__Given records__:
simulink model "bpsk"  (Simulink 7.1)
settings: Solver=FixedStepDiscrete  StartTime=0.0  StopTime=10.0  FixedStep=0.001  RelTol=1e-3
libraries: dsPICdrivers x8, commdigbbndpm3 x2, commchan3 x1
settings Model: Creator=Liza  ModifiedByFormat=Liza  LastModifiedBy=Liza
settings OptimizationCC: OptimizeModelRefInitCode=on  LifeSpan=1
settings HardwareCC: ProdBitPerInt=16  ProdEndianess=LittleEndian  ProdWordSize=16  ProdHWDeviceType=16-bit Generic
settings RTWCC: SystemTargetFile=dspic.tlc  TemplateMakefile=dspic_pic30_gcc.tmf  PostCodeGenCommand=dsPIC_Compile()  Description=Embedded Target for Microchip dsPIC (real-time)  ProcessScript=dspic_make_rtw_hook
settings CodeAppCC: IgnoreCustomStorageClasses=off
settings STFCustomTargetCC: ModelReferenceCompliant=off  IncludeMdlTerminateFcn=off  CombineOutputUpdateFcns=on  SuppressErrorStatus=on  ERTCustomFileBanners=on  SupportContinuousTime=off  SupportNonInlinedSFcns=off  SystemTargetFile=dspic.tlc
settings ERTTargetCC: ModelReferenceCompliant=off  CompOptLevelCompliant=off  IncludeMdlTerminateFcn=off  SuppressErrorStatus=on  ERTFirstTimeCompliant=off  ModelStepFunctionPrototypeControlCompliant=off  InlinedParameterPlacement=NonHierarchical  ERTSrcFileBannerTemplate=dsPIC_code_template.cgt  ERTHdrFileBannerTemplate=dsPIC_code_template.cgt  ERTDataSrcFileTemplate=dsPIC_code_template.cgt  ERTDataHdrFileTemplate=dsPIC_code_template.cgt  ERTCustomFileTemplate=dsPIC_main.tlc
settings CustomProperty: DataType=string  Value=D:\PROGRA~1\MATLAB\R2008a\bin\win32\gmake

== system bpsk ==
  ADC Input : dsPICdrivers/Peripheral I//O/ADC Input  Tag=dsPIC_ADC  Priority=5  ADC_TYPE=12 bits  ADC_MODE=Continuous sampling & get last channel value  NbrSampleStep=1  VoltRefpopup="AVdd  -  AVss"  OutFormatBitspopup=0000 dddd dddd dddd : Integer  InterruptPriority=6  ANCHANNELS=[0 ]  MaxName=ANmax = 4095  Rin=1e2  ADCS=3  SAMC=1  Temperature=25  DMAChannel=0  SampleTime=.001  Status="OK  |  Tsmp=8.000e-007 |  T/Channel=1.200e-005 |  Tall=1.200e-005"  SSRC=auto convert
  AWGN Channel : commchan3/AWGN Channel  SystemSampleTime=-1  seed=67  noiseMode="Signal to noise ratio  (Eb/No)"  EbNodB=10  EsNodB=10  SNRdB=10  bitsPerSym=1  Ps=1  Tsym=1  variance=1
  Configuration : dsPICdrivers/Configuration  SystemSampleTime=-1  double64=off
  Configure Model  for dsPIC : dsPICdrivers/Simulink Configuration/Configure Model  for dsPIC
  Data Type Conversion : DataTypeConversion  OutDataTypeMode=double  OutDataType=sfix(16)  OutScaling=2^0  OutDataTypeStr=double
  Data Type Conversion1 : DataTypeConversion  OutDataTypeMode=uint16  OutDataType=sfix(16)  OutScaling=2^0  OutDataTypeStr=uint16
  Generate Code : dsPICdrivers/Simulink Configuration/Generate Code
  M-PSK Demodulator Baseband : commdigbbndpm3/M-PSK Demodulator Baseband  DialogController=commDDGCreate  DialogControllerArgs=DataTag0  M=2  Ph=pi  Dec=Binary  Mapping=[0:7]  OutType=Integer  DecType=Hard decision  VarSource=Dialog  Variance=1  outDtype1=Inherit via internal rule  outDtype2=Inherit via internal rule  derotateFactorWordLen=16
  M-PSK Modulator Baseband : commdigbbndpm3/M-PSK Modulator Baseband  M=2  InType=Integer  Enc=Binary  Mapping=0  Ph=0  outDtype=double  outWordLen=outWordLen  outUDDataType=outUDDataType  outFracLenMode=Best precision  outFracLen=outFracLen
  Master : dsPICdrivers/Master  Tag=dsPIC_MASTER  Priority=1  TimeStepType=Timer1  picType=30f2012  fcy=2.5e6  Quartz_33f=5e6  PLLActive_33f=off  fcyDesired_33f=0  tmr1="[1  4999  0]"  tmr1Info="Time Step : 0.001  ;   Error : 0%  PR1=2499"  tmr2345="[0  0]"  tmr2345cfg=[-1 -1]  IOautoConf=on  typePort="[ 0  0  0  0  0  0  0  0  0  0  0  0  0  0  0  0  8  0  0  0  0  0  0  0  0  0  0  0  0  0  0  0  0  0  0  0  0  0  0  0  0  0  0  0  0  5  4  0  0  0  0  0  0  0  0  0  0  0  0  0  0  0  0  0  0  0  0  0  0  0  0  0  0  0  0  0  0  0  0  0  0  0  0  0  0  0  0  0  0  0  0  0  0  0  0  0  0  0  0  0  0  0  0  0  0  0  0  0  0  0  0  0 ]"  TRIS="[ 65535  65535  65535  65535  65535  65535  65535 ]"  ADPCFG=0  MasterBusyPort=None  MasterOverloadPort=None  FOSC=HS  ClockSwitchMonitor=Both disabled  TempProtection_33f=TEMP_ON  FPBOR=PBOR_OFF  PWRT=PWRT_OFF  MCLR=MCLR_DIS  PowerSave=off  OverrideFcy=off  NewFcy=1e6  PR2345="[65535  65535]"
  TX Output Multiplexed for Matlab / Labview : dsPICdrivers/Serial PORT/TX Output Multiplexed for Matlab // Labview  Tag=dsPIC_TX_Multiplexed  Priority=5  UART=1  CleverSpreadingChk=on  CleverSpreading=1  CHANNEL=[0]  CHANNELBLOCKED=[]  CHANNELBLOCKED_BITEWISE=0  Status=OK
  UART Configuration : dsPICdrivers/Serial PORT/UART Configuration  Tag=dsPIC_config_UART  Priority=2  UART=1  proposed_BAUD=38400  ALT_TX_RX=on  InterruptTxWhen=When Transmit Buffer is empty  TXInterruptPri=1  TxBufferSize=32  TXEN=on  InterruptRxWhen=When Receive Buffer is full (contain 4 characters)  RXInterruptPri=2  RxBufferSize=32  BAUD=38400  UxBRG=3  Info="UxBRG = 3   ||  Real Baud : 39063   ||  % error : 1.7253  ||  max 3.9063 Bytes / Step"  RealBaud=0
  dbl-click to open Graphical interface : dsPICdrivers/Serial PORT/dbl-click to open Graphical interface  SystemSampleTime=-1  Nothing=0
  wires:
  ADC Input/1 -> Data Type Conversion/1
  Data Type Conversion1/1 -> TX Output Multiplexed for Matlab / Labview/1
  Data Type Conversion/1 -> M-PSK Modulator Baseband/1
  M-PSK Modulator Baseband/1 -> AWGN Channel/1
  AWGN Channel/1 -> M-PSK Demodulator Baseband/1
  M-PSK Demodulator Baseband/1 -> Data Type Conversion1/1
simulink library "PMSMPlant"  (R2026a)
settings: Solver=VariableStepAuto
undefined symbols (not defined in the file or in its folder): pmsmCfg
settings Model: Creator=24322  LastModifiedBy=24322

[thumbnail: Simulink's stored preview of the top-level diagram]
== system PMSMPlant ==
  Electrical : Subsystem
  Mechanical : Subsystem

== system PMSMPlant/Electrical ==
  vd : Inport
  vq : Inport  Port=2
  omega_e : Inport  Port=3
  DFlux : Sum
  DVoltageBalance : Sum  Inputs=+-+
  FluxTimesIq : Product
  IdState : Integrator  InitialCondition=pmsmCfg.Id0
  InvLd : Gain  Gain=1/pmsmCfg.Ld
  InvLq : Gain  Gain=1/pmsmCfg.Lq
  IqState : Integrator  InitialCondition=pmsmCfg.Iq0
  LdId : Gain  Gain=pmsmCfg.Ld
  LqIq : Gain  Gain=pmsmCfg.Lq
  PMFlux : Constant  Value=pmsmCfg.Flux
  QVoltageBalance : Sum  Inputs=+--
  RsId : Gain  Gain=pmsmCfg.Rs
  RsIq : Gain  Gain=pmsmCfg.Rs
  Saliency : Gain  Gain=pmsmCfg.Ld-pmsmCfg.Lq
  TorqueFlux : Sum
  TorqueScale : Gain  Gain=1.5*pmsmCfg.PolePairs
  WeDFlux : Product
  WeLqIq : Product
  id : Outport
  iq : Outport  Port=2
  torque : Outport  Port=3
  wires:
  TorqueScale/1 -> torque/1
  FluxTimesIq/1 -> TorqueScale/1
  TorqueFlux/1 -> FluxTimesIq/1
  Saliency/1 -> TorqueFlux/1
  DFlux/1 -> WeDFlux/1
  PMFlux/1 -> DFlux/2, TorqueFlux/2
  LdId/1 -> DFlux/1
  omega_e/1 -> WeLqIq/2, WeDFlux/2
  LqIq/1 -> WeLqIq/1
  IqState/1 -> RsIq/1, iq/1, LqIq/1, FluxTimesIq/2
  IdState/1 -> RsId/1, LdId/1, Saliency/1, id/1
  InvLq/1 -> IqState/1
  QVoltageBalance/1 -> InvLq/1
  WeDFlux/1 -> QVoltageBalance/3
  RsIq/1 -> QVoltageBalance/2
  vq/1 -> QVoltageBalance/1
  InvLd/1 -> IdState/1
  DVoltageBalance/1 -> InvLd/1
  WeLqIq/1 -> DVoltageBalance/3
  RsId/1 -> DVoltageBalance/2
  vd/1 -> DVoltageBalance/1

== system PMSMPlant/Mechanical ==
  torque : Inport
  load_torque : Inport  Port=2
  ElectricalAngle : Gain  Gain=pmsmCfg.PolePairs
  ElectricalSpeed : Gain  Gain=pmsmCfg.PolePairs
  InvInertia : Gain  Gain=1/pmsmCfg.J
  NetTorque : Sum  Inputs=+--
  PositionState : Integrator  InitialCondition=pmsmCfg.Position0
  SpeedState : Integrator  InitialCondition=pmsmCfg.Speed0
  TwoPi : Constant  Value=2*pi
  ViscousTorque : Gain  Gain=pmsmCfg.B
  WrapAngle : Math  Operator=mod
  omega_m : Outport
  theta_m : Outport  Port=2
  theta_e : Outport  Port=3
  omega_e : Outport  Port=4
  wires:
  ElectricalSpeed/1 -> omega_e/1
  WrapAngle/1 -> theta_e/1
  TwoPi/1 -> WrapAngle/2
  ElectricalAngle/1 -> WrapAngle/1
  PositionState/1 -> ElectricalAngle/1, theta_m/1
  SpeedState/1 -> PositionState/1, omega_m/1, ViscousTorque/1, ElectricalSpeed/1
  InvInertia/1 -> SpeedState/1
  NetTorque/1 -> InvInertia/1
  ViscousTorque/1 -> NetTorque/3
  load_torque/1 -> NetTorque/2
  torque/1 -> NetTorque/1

__Task directions__:
Exactly and only the lines from the one containing "LqIq/1 -> WeLqIq/1" to the end of the entries above are to be written out.

__Result for this task__:
  LqIq/1 -> WeLqIq/1
  IqState/1 -> RsIq/1, iq/1, LqIq/1, FluxTimesIq/2
  IdState/1 -> RsId/1, LdId/1, Saliency/1, id/1
  InvLq/1 -> IqState/1
  QVoltageBalance/1 -> InvLq/1
  WeDFlux/1 -> QVoltageBalance/3
  RsIq/1 -> QVoltageBalance/2
  vq/1 -> QVoltageBalance/1
  InvLd/1 -> IdState/1
  DVoltageBalance/1 -> InvLd/1
  WeLqIq/1 -> DVoltageBalance/3
  RsId/1 -> DVoltageBalance/2
  vd/1 -> DVoltageBalance/1

== system PMSMPlant/Mechanical ==
  torque : Inport
  load_torque : Inport  Port=2
  ElectricalAngle : Gain  Gain=pmsmCfg.PolePairs
  ElectricalSpeed : Gain  Gain=pmsmCfg.PolePairs
  InvInertia : Gain  Gain=1/pmsmCfg.J
  NetTorque : Sum  Inputs=+--
  PositionState : Integrator  InitialCondition=pmsmCfg.Position0
  SpeedState : Integrator  InitialCondition=pmsmCfg.Speed0
  TwoPi : Constant  Value=2*pi
  ViscousTorque : Gain  Gain=pmsmCfg.B
  WrapAngle : Math  Operator=mod
  omega_m : Outport
  theta_m : Outport  Port=2
  theta_e : Outport  Port=3
  omega_e : Outport  Port=4
  wires:
  ElectricalSpeed/1 -> omega_e/1
  WrapAngle/1 -> theta_e/1
  TwoPi/1 -> WrapAngle/2
  ElectricalAngle/1 -> WrapAngle/1
  PositionState/1 -> ElectricalAngle/1, theta_m/1
  SpeedState/1 -> PositionState/1, omega_m/1, ViscousTorque/1, ElectricalSpeed/1
  InvInertia/1 -> SpeedState/1
  NetTorque/1 -> InvInertia/1
  ViscousTorque/1 -> NetTorque/3
  load_torque/1 -> NetTorque/2
  torque/1 -> NetTorque/1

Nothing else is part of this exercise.